EXERCISE DIRECTIONS:
Using the material below, return exactly the lines between the one holding "Part Number: P131" and the one holding "of L2.start L2.end", inclusive, and no others.

__________

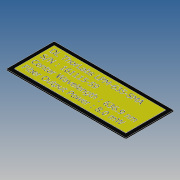
# Autodesk Inventor part: P131
Saved by Autodesk Inventor 2019 (Build 230136000, 136)
## iProperties
Created: 2017-01-31
Part Number: P131
Material: Generic
Document SubType Name: Modeling
Designer: serge.amoos
Density: 1 g/cm^3
Appearance: Smooth - Black
Description: Plaquette Thorlabs
Author: serge.amoos
Autodesk Inventor part; units mm, degrees
(part 1 of 3)
ref_plane "YZ Plane" through (0, 0, 0) normal (1, 0, 0) x (0, 1, 0)
ref_plane "XZ Plane" through (0, 0, 0) normal (0, 1, 0) x (-1, 0, 0)
ref_plane "XY Plane" through (0, 0, 0) normal (0, 0, 1) x (1, 0, 0)
sketch "Sketch1" plane through (0, 0, 0) normal (0, 0, 1) x (1, 0, 0)
  line L0 (-24.1301, 0) -> (24.0032, 0)
  line L1 (0, -8.4) -> (0, 8.4)
  line L2 (-15, 6) -> (15, 6)
  line L3 (15, 6) -> (15, -6)
  line L4 (15, -6) -> (-15, -6)
  line L5 (-15, -6) -> (-15, 6)
  point P0 (0, 0)
  point P1 (0, 6)
  point P2 (15, 0)
  dimension "d0" = 30
  dimension "d1" = 12
  constraints: 8 end point, 2 midpoint, 2 parallel, 2 point on line, 1 horizontal, 1 perpendicular
  measures "d0" distance of L2.start L2.end
  measures "d1" distance of L2.end L3.end
extrude "Extrusion1" add sketch "Sketch1" along normal blind 0.4
sketch "Sketch2" plane through (0, 0, 0.4) normal (0, 0, 1) x (1, 0, 0)
  line L0 (14, 5) -> (14, -5)
  line L1 (14, -5) -> (-14, -5)
  line L2 (-14, -5) -> (-14, 5)
  line L3 (-14, 5) -> (14, 5)
  line L4 (15, -6) -> (-15, -6)
  line L5 (-15, -6) -> (-15, 6)
  line L6 (-15, 6) -> (15, 6)
  line L7 (15, 6) -> (15, -6)
  point P0 (0, 0)
  dimension "d10" = 1
  dimension "d11" = 1
  dimension "d12" = 1
  dimension "d13" = 1
  constraints: 8 end point
  measures "d10" distance between parallel lines of L3 L6
  measures "d11" distance between parallel lines of L7 L0
  measures "d12" distance between parallel lines of L4 L1
  measures "d13" distance between parallel lines of L5 L2
extrude "Extrusion4" cut sketch "Sketch2" against normal blind 0.1
sketch "Sketch3" plane through (0, 0, 0.4) normal (0, 0, 1) x (1, 0, 0)
  line L0 (-13.4008, 7.7124) -> (17.127, 7.7124) construction
  line L1 (17.127, 7.7124) -> (17.127, -7.7124) construction
  line L2 (17.127, -7.7124) -> (-13.4008, -7.7124) construction
  line L3 (-13.4008, -7.7124) -> (-13.4008, 7.7124) construction
  line L4 (-23.9778, 0) -> (23.9778, 0)
  line L5 (0, -8.4) -> (0, 8.4)
  line L6 (14, -5) -> (-14, -5)
  line L7 (-14, -5) -> (-14, 5)
  line L8 (-14, 5) -> (14, 5)
  line L9 (14, 5) -> (14, -5)
  spline S0 degree 2 poles (-12.1551, 3.6187) (-12.1551, 3.427) (-12.3105, 3.1184) (-12.441, 3.0321) knots 0 0 0 1 2 2 2
  spline S1 degree 2 poles (-12.441, 3.0321) (-12.5477, 2.9652) (-12.7666, 2.9198) (-12.9368, 2.9198) knots 0 0 0 1 2 2 2
  line L10 (-12.9368, 2.9198) -> (-13.259, 2.9198)
  line L11 (-13.259, 2.9198) -> (-13.259, 4.3198)
  line L12 (-13.259, 4.3198) -> (-12.9402, 4.3198)
  spline S2 degree 2 poles (-12.9402, 4.3198) (-12.7428, 4.3198) (-12.5182, 4.2608) (-12.4387, 4.2086) knots 0 0 0 1 2 2 2
  spline S3 degree 2 poles (-12.4387, 4.2086) (-12.3037, 4.119) (-12.1551, 3.8229) (-12.1551, 3.6187) knots 0 0 0 1 2 2 2
  spline S4 degree 2 poles (-12.3491, 3.621) (-12.3491, 3.7821) (-12.4558, 4.0101) (-12.5613, 4.0748) knots 0 0 0 1 2 2 2
  spline S5 degree 2 poles (-12.5613, 4.0748) (-12.6362, 4.119) (-12.8052, 4.1587) (-12.9311, 4.1587) knots 0 0 0 1 2 2 2
  line L13 (-12.9311, 4.1587) -> (-13.0729, 4.1587)
  line L14 (-13.0729, 4.1587) -> (-13.0729, 3.0809)
  line L15 (-13.0729, 3.0809) -> (-12.9311, 3.0809)
  spline S6 degree 2 poles (-12.9311, 3.0809) (-12.8075, 3.0809) (-12.6203, 3.1206) (-12.5443, 3.174) knots 0 0 0 1 2 2 2
  spline S7 degree 2 poles (-12.5443, 3.174) (-12.4467, 3.2398) (-12.3491, 3.4576) (-12.3491, 3.621) knots 0 0 0 1 2 2 2
  line L16 (-11.142, 2.9198) -> (-11.9532, 2.9198)
  line L17 (-11.9532, 2.9198) -> (-11.9532, 4.3198)
  line L18 (-11.9532, 4.3198) -> (-11.7671, 4.3198)
  line L19 (-11.7671, 4.3198) -> (-11.7671, 3.0855)
  line L20 (-11.7671, 3.0855) -> (-11.142, 3.0855)
  line L21 (-11.142, 3.0855) -> (-11.142, 2.9198)
  line L22 (-10.0676, 2.9198) -> (-10.0676, 4.1542)
  line L23 (-10.0676, 4.1542) -> (-10.5373, 4.1542)
  line L24 (-10.5373, 4.1542) -> (-10.5373, 4.3198)
  line L25 (-10.5373, 4.3198) -> (-9.4118, 4.3198)
  line L26 (-9.4118, 4.3198) -> (-9.4118, 4.1542)
  line L27 (-9.4118, 4.1542) -> (-9.8815, 4.1542)
  line L28 (-9.8815, 4.1542) -> (-9.8815, 2.9198)
  line L29 (-9.8815, 2.9198) -> (-10.0676, 2.9198)
  line L30 (-8.4588, 2.9198) -> (-8.6358, 2.9198)
  line L31 (-8.6358, 2.9198) -> (-8.6358, 3.5189)
  spline S8 degree 2 poles (-8.6358, 3.5189) (-8.6358, 3.5915) (-8.6494, 3.7163) (-8.6699, 3.7537) knots 0 0 0 1 2 2 2
  spline S9 degree 2 poles (-8.6699, 3.7537) (-8.6914, 3.7934) (-8.7686, 3.832) (-8.8344, 3.832) knots 0 0 0 1 2 2 2
  spline S10 degree 2 poles (-8.8344, 3.832) (-8.9002, 3.832) (-9.0397, 3.7616) (-9.1067, 3.7049) knots 0 0 0 1 2 2 2
  line L32 (-9.1067, 3.7049) -> (-9.1067, 2.9198)
  line L33 (-9.1067, 2.9198) -> (-9.2836, 2.9198)
  line L34 (-9.2836, 2.9198) -> (-9.2836, 4.3822)
  line L35 (-9.2836, 4.3822) -> (-9.1067, 4.3822)
  line L36 (-9.1067, 4.3822) -> (-9.1067, 3.8535)
  spline S11 degree 2 poles (-9.1067, 3.8535) (-9.0272, 3.925) (-8.8741, 3.9999) (-8.7879, 3.9999) knots 0 0 0 1 2 2 2
  spline S12 degree 2 poles (-8.7879, 3.9999) (-8.6336, 3.9999) (-8.4588, 3.7957) (-8.4588, 3.6017) knots 0 0 0 1 2 2 2
  line L37 (-8.4588, 3.6017) -> (-8.4588, 2.9198)
  spline S13 degree 2 poles (-7.347, 3.4451) (-7.347, 3.1796) (-7.6023, 2.8903) (-7.8156, 2.8903) knots 0 0 0 1 2 2 2
  spline S14 degree 2 poles (-7.8156, 2.8903) (-8.0345, 2.8903) (-8.2853, 3.1887) (-8.2853, 3.4451) knots 0 0 0 1 2 2 2
  spline S15 degree 2 poles (-8.2853, 3.4451) (-8.2853, 3.7083) (-8.0266, 3.9999) (-7.8156, 3.9999) knots 0 0 0 1 2 2 2
  spline S16 degree 2 poles (-7.8156, 3.9999) (-7.6023, 3.9999) (-7.347, 3.7095) (-7.347, 3.4451) knots 0 0 0 1 2 2 2
  spline S17 degree 2 poles (-7.5297, 3.4451) (-7.5297, 3.6493) (-7.6783, 3.8479) (-7.8156, 3.8479) knots 0 0 0 1 2 2 2
  spline S18 degree 2 poles (-7.8156, 3.8479) (-7.9529, 3.8479) (-8.1026, 3.6493) (-8.1026, 3.4451) knots 0 0 0 1 2 2 2
  spline S19 degree 2 poles (-8.1026, 3.4451) (-8.1026, 3.2466) (-7.9529, 3.0424) (-7.8156, 3.0424) knots 0 0 0 1 2 2 2
  spline S20 degree 2 poles (-7.8156, 3.0424) (-7.6794, 3.0424) (-7.5297, 3.2432) (-7.5297, 3.4451) knots 0 0 0 1 2 2 2
  line L38 (-6.6084, 3.7809) -> (-6.6175, 3.7809)
  spline S21 degree 2 poles (-6.6175, 3.7809) (-6.6379, 3.7866) (-6.6822, 3.7889) (-6.7128, 3.7889) knots 0 0 0 1 2 2 2
  spline S22 degree 2 poles (-6.7128, 3.7889) (-6.7843, 3.7889) (-6.925, 3.7265) (-6.9885, 3.6652) knots 0 0 0 1 2 2 2
  line L39 (-6.9885, 3.6652) -> (-6.9885, 2.9198)
  line L40 (-6.9885, 2.9198) -> (-7.1655, 2.9198)
  line L41 (-7.1655, 2.9198) -> (-7.1655, 3.9704)
  line L42 (-7.1655, 3.9704) -> (-6.9885, 3.9704)
  line L43 (-6.9885, 3.9704) -> (-6.9885, 3.8138)
  spline S23 degree 2 poles (-6.9885, 3.8138) (-6.8921, 3.9001) (-6.748, 3.9704) (-6.6799, 3.9704) knots 0 0 0 1 2 2 2
  spline S24 degree 2 poles (-6.6799, 3.9704) (-6.6527, 3.9704) (-6.6255, 3.9681) (-6.6084, 3.9647) knots 0 0 0 1 2 2 2
  line L44 (-6.6084, 3.9647) -> (-6.6084, 3.7809)
  line L45 (-5.6464, 2.9198) -> (-6.4576, 2.9198)
  line L46 (-6.4576, 2.9198) -> (-6.4576, 4.3198)
  line L47 (-6.4576, 4.3198) -> (-6.2715, 4.3198)
  line L48 (-6.2715, 4.3198) -> (-6.2715, 3.0855)
  line L49 (-6.2715, 3.0855) -> (-5.6464, 3.0855)
  line L50 (-5.6464, 3.0855) -> (-5.6464, 2.9198)
  spline S25 degree 2 poles (-4.9282, 3.031) (-4.9498, 3.0151) (-5.0224, 2.9584) (-5.0564, 2.9414) knots 0 0 0 1 2 2 2
  spline S26 degree 2 poles (-5.0564, 2.9414) (-5.1029, 2.9164) (-5.1903, 2.8903) (-5.2697, 2.8903) knots 0 0 0 1 2 2 2
  spline S27 degree 2 poles (-5.2697, 2.8903) (-5.3344, 2.8903) (-5.4512, 2.9391) (-5.4955, 2.9834) knots 0 0 0 1 2 2 2
  spline S28 degree 2 poles (-5.4955, 2.9834) (-5.5375, 3.0265) (-5.5885, 3.1535) (-5.5885, 3.2239) knots 0 0 0 1 2 2 2
  spline S29 degree 2 poles (-5.5885, 3.2239) (-5.5885, 3.3328) (-5.4966, 3.4871) (-5.3968, 3.5313) knots 0 0 0 1 2 2 2
  spline S30 degree 2 poles (-5.3968, 3.5313) (-5.3083, 3.5722) (-5.0678, 3.6028) (-4.9282, 3.6108) knots 0 0 0 1 2 2 2
  line L51 (-4.9282, 3.6108) -> (-4.9282, 3.6448)
  spline S31 degree 2 poles (-4.9282, 3.6448) (-4.9282, 3.7061) (-4.9657, 3.7821) (-4.9997, 3.8036) knots 0 0 0 1 2 2 2
  spline S32 degree 2 poles (-4.9997, 3.8036) (-5.0337, 3.8252) (-5.1313, 3.8388) (-5.1835, 3.8388) knots 0 0 0 1 2 2 2
  spline S33 degree 2 poles (-5.1835, 3.8388) (-5.2447, 3.8388) (-5.4104, 3.8025) (-5.4932, 3.7673) knots 0 0 0 1 2 2 2
  line L52 (-5.4932, 3.7673) -> (-5.5034, 3.7673)
  line L53 (-5.5034, 3.7673) -> (-5.5034, 3.9477)
  spline S34 degree 2 poles (-5.5034, 3.9477) (-5.4546, 3.9613) (-5.272, 3.9954) (-5.1823, 3.9954) knots 0 0 0 1 2 2 2
  spline S35 degree 2 poles (-5.1823, 3.9954) (-5.0734, 3.9954) (-4.9248, 3.9613) (-4.8658, 3.9171) knots 0 0 0 1 2 2 2
  spline S36 degree 2 poles (-4.8658, 3.9171) (-4.808, 3.874) (-4.7512, 3.7367) (-4.7512, 3.638) knots 0 0 0 1 2 2 2
  line L54 (-4.7512, 3.638) -> (-4.7512, 2.9198)
  line L55 (-4.7512, 2.9198) -> (-4.9282, 2.9198)
  line L56 (-4.9282, 2.9198) -> (-4.9282, 3.031)
  line L57 (-4.9282, 3.1785) -> (-4.9282, 3.4701)
  spline S37 degree 2 poles (-4.9282, 3.4701) (-4.9917, 3.4644) (-5.1835, 3.4451) (-5.2436, 3.427) knots 0 0 0 1 2 2 2
  spline S38 degree 2 poles (-5.2436, 3.427) (-5.314, 3.4054) (-5.4058, 3.3158) (-5.4058, 3.2364) knots 0 0 0 1 2 2 2
  spline S39 degree 2 poles (-5.4058, 3.2364) (-5.4058, 3.1456) (-5.3037, 3.0537) (-5.2062, 3.0537) knots 0 0 0 1 2 2 2
  spline S40 degree 2 poles (-5.2062, 3.0537) (-5.1234, 3.0537) (-4.9872, 3.1252) (-4.9282, 3.1785) knots 0 0 0 1 2 2 2
  spline S41 degree 2 poles (-3.6224, 3.4621) (-3.6224, 3.2046) (-3.872, 2.8903) (-4.0603, 2.8903) knots 0 0 0 1 2 2 2
  spline S42 degree 2 poles (-4.0603, 2.8903) (-4.1454, 2.8903) (-4.2668, 2.9323) (-4.3258, 2.9686) knots 0 0 0 1 2 2 2
  line L58 (-4.3258, 2.9686) -> (-4.3371, 2.9198)
  line L59 (-4.3371, 2.9198) -> (-4.5028, 2.9198)
  line L60 (-4.5028, 2.9198) -> (-4.5028, 4.3822)
  line L61 (-4.5028, 4.3822) -> (-4.3258, 4.3822)
  line L62 (-4.3258, 4.3822) -> (-4.3258, 3.8603)
  spline S43 degree 2 poles (-4.3258, 3.8603) (-4.2588, 3.9205) (-4.1034, 3.9999) (-4.0047, 3.9999) knots 0 0 0 1 2 2 2
  spline S44 degree 2 poles (-4.0047, 3.9999) (-3.8266, 3.9999) (-3.6224, 3.7151) (-3.6224, 3.4621) knots 0 0 0 1 2 2 2
  spline S45 degree 2 poles (-3.805, 3.4485) (-3.805, 3.6368) (-3.9196, 3.832) (-4.0467, 3.832) knots 0 0 0 1 2 2 2
  spline S46 degree 2 poles (-4.0467, 3.832) (-4.1182, 3.832) (-4.2657, 3.7639) (-4.3258, 3.7117) knots 0 0 0 1 2 2 2
  line L63 (-4.3258, 3.7117) -> (-4.3258, 3.1093)
  spline S47 degree 2 poles (-4.3258, 3.1093) (-4.2588, 3.0764) (-4.1556, 3.0492) (-4.0943, 3.0492) knots 0 0 0 1 2 2 2
  spline S48 degree 2 poles (-4.0943, 3.0492) (-3.9593, 3.0492) (-3.805, 3.2409) (-3.805, 3.4485) knots 0 0 0 1 2 2 2
  spline S49 degree 2 poles (-3.155, 2.8949) (-3.2605, 2.8949) (-3.4431, 2.9516) (-3.5033, 2.9834) knots 0 0 0 1 2 2 2
  line L64 (-3.5033, 2.9834) -> (-3.5033, 3.1819)
  line L65 (-3.5033, 3.1819) -> (-3.4942, 3.1819)
  spline S50 degree 2 poles (-3.4942, 3.1819) (-3.4715, 3.1638) (-3.4102, 3.1206) (-3.3592, 3.0968) knots 0 0 0 1 2 2 2
  spline S51 degree 2 poles (-3.3592, 3.0968) (-3.3149, 3.0753) (-3.206, 3.0435) (-3.1482, 3.0435) knots 0 0 0 1 2 2 2
  spline S52 degree 2 poles (-3.1482, 3.0435) (-3.1062, 3.0435) (-3.0097, 3.0628) (-2.987, 3.0787) knots 0 0 0 1 2 2 2
  spline S53 degree 2 poles (-2.987, 3.0787) (-2.9541, 3.1002) (-2.9246, 3.149) (-2.9246, 3.1989) knots 0 0 0 1 2 2 2
  spline S54 degree 2 poles (-2.9246, 3.1989) (-2.9246, 3.2613) (-2.9927, 3.326) (-3.0801, 3.3475) knots 0 0 0 1 2 2 2
  spline S55 degree 2 poles (-3.0801, 3.3475) (-3.1141, 3.3555) (-3.223, 3.3782) (-3.2695, 3.3907) knots 0 0 0 1 2 2 2
  spline S56 degree 2 poles (-3.2695, 3.3907) (-3.3898, 3.4258) (-3.4987, 3.571) (-3.4987, 3.6743) knots 0 0 0 1 2 2 2
  spline S57 degree 2 poles (-3.4987, 3.6743) (-3.4987, 3.8172) (-3.2843, 3.9954) (-3.1073, 3.9954) knots 0 0 0 1 2 2 2
  spline S58 degree 2 poles (-3.1073, 3.9954) (-3.0199, 3.9954) (-2.843, 3.9522) (-2.7828, 3.9193) knots 0 0 0 1 2 2 2
  line L66 (-2.7828, 3.9193) -> (-2.7828, 3.7299)
  line L67 (-2.7828, 3.7299) -> (-2.7919, 3.7299)
  spline S59 degree 2 poles (-2.7919, 3.7299) (-2.86, 3.7843) (-3.0256, 3.8467) (-3.1107, 3.8467) knots 0 0 0 1 2 2 2
  spline S60 degree 2 poles (-3.1107, 3.8467) (-3.1981, 3.8467) (-3.3183, 3.773) (-3.3183, 3.6992) knots 0 0 0 1 2 2 2
  spline S61 degree 2 poles (-3.3183, 3.6992) (-3.3183, 3.6323) (-3.2469, 3.5676) (-3.1674, 3.5472) knots 0 0 0 1 2 2 2
  spline S62 degree 2 poles (-3.1674, 3.5472) (-3.1289, 3.537) (-3.0313, 3.5166) (-2.978, 3.5041) knots 0 0 0 1 2 2 2
  spline S63 degree 2 poles (-2.978, 3.5041) (-2.8623, 3.4746) (-2.7443, 3.3396) (-2.7443, 3.2227) knots 0 0 0 1 2 2 2
  spline S64 degree 2 poles (-2.7443, 3.2227) (-2.7443, 3.1547) (-2.7976, 3.0344) (-2.8498, 2.9902) knots 0 0 0 1 2 2 2
  spline S65 degree 2 poles (-2.8498, 2.9902) (-2.9054, 2.9437) (-3.0472, 2.8949) (-3.155, 2.8949) knots 0 0 0 1 2 2 2
  line L68 (-1.1537, 2.9198) -> (-1.9648, 2.9198)
  line L69 (-1.9648, 2.9198) -> (-1.9648, 4.3198)
  line L70 (-1.9648, 4.3198) -> (-1.7788, 4.3198)
  line L71 (-1.7788, 4.3198) -> (-1.7788, 3.0855)
  line L72 (-1.7788, 3.0855) -> (-1.1537, 3.0855)
  line L73 (-1.1537, 3.0855) -> (-1.1537, 2.9198)
  spline S66 degree 2 poles (-0.1224, 3.8978) (-0.1224, 3.807) (-0.187, 3.6437) (-0.2449, 3.5869) knots 0 0 0 1 2 2 2
  spline S67 degree 2 poles (-0.2449, 3.5869) (-0.3175, 3.5155) (-0.5138, 3.4417) (-0.6635, 3.4417) knots 0 0 0 1 2 2 2
  line L74 (-0.6635, 3.4417) -> (-0.8212, 3.4417)
  line L75 (-0.8212, 3.4417) -> (-0.8212, 2.9198)
  line L76 (-0.8212, 2.9198) -> (-1.0073, 2.9198)
  line L77 (-1.0073, 2.9198) -> (-1.0073, 4.3198)
  line L78 (-1.0073, 4.3198) -> (-0.6556, 4.3198)
  spline S68 degree 2 poles (-0.6556, 4.3198) (-0.5308, 4.3198) (-0.3561, 4.279) (-0.2892, 4.2325) knots 0 0 0 1 2 2 2
  spline S69 degree 2 poles (-0.2892, 4.2325) (-0.2109, 4.1792) (-0.1224, 4.0146) (-0.1224, 3.8978) knots 0 0 0 1 2 2 2
  spline S70 degree 2 poles (-0.3164, 3.8921) (-0.3164, 3.9647) (-0.3663, 4.0714) (-0.4174, 4.1054) knots 0 0 0 1 2 2 2
  spline S71 degree 2 poles (-0.4174, 4.1054) (-0.4616, 4.1349) (-0.5796, 4.1587) (-0.667, 4.1587) knots 0 0 0 1 2 2 2
  line L79 (-0.667, 4.1587) -> (-0.8212, 4.1587)
  line L80 (-0.8212, 4.1587) -> (-0.8212, 3.6005)
  line L81 (-0.8212, 3.6005) -> (-0.6942, 3.6005)
  spline S72 degree 2 poles (-0.6942, 3.6005) (-0.5807, 3.6005) (-0.4412, 3.6368) (-0.3958, 3.6845) knots 0 0 0 1 2 2 2
  spline S73 degree 2 poles (-0.3958, 3.6845) (-0.3538, 3.7265) (-0.3164, 3.8252) (-0.3164, 3.8921) knots 0 0 0 1 2 2 2
  line L82 (1.2549, 2.9198) -> (1.0689, 2.9198)
  line L83 (1.0689, 2.9198) -> (1.0689, 4.1258)
  line L84 (1.0689, 4.1258) -> (0.7036, 3.3056)
  line L85 (0.7036, 3.3056) -> (0.5901, 3.3056)
  line L86 (0.5901, 3.3056) -> (0.2282, 4.1258)
  line L87 (0.2282, 4.1258) -> (0.2282, 2.9198)
  line L88 (0.2282, 2.9198) -> (0.0546, 2.9198)
  line L89 (0.0546, 2.9198) -> (0.0546, 4.3198)
  line L90 (0.0546, 4.3198) -> (0.3087, 4.3198)
  line L91 (0.3087, 4.3198) -> (0.6582, 3.5404)
  line L92 (0.6582, 3.5404) -> (0.9963, 4.3198)
  line L93 (0.9963, 4.3198) -> (1.2549, 4.3198)
  line L94 (1.2549, 4.3198) -> (1.2549, 2.9198)
  line L95 (2.0117, 3.4474) -> (1.4818, 3.4474)
  line L96 (1.4818, 3.4474) -> (1.4818, 3.6176)
  line L97 (1.4818, 3.6176) -> (2.0117, 3.6176)
  line L98 (2.0117, 3.6176) -> (2.0117, 3.4474)
  spline S74 degree 2 poles (3.0826, 3.3736) (3.0826, 3.2659) (3.0112, 3.0832) (2.951, 3.0219) knots 0 0 0 1 2 2 2
  spline S75 degree 2 poles (2.951, 3.0219) (2.8886, 2.9573) (2.7321, 2.8903) (2.6379, 2.8903) knots 0 0 0 1 2 2 2
  spline S76 degree 2 poles (2.6379, 2.8903) (2.5437, 2.8903) (2.3883, 2.9539) (2.3293, 3.0174) knots 0 0 0 1 2 2 2
  spline S77 degree 2 poles (2.3293, 3.0174) (2.2567, 3.0934) (2.175, 3.3487) (2.175, 3.5347) knots 0 0 0 1 2 2 2
  spline S78 degree 2 poles (2.175, 3.5347) (2.175, 3.7174) (2.2499, 4.0112) (2.3282, 4.1202) knots 0 0 0 1 2 2 2
  spline S79 degree 2 poles (2.3282, 4.1202) (2.4042, 4.2268) (2.6447, 4.3459) (2.8024, 4.3459) knots 0 0 0 1 2 2 2
  spline S80 degree 2 poles (2.8024, 4.3459) (2.8489, 4.3459) (2.9306, 4.3368) (2.9613, 4.3266) knots 0 0 0 1 2 2 2
  line L99 (2.9613, 4.3266) -> (2.9613, 4.1462)
  line L100 (2.9613, 4.1462) -> (2.9533, 4.1462)
  spline S81 degree 2 poles (2.9533, 4.1462) (2.9272, 4.1599) (2.8319, 4.1837) (2.7775, 4.1837) knots 0 0 0 1 2 2 2
  spline S82 degree 2 poles (2.7775, 4.1837) (2.6027, 4.1837) (2.3883, 3.9477) (2.3679, 3.7163) knots 0 0 0 1 2 2 2
  spline S83 degree 2 poles (2.3679, 3.7163) (2.4348, 3.7628) (2.5755, 3.8138) (2.6595, 3.8138) knots 0 0 0 1 2 2 2
  spline S84 degree 2 poles (2.6595, 3.8138) (2.7412, 3.8138) (2.8637, 3.7809) (2.9306, 3.731) knots 0 0 0 1 2 2 2
  spline S85 degree 2 poles (2.9306, 3.731) (3.0078, 3.6732) (3.0826, 3.4939) (3.0826, 3.3736) knots 0 0 0 1 2 2 2
  spline S86 degree 2 poles (2.892, 3.3657) (2.892, 3.4519) (2.8467, 3.5688) (2.7967, 3.6096) knots 0 0 0 1 2 2 2
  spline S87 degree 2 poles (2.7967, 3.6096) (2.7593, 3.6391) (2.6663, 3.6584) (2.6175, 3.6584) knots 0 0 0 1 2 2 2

__________

TASK OUTPUT:
Part Number: P131
Material: Generic
Document SubType Name: Modeling
Designer: serge.amoos
Density: 1 g/cm^3
Appearance: Smooth - Black
Description: Plaquette Thorlabs
Author: serge.amoos
Autodesk Inventor part; units mm, degrees
(part 1 of 3)
ref_plane "YZ Plane" through (0, 0, 0) normal (1, 0, 0) x (0, 1, 0)
ref_plane "XZ Plane" through (0, 0, 0) normal (0, 1, 0) x (-1, 0, 0)
ref_plane "XY Plane" through (0, 0, 0) normal (0, 0, 1) x (1, 0, 0)
sketch "Sketch1" plane through (0, 0, 0) normal (0, 0, 1) x (1, 0, 0)
  line L0 (-24.1301, 0) -> (24.0032, 0)
  line L1 (0, -8.4) -> (0, 8.4)
  line L2 (-15, 6) -> (15, 6)
  line L3 (15, 6) -> (15, -6)
  line L4 (15, -6) -> (-15, -6)
  line L5 (-15, -6) -> (-15, 6)
  point P0 (0, 0)
  point P1 (0, 6)
  point P2 (15, 0)
  dimension "d0" = 30
  dimension "d1" = 12
  constraints: 8 end point, 2 midpoint, 2 parallel, 2 point on line, 1 horizontal, 1 perpendicular
  measures "d0" distance of L2.start L2.end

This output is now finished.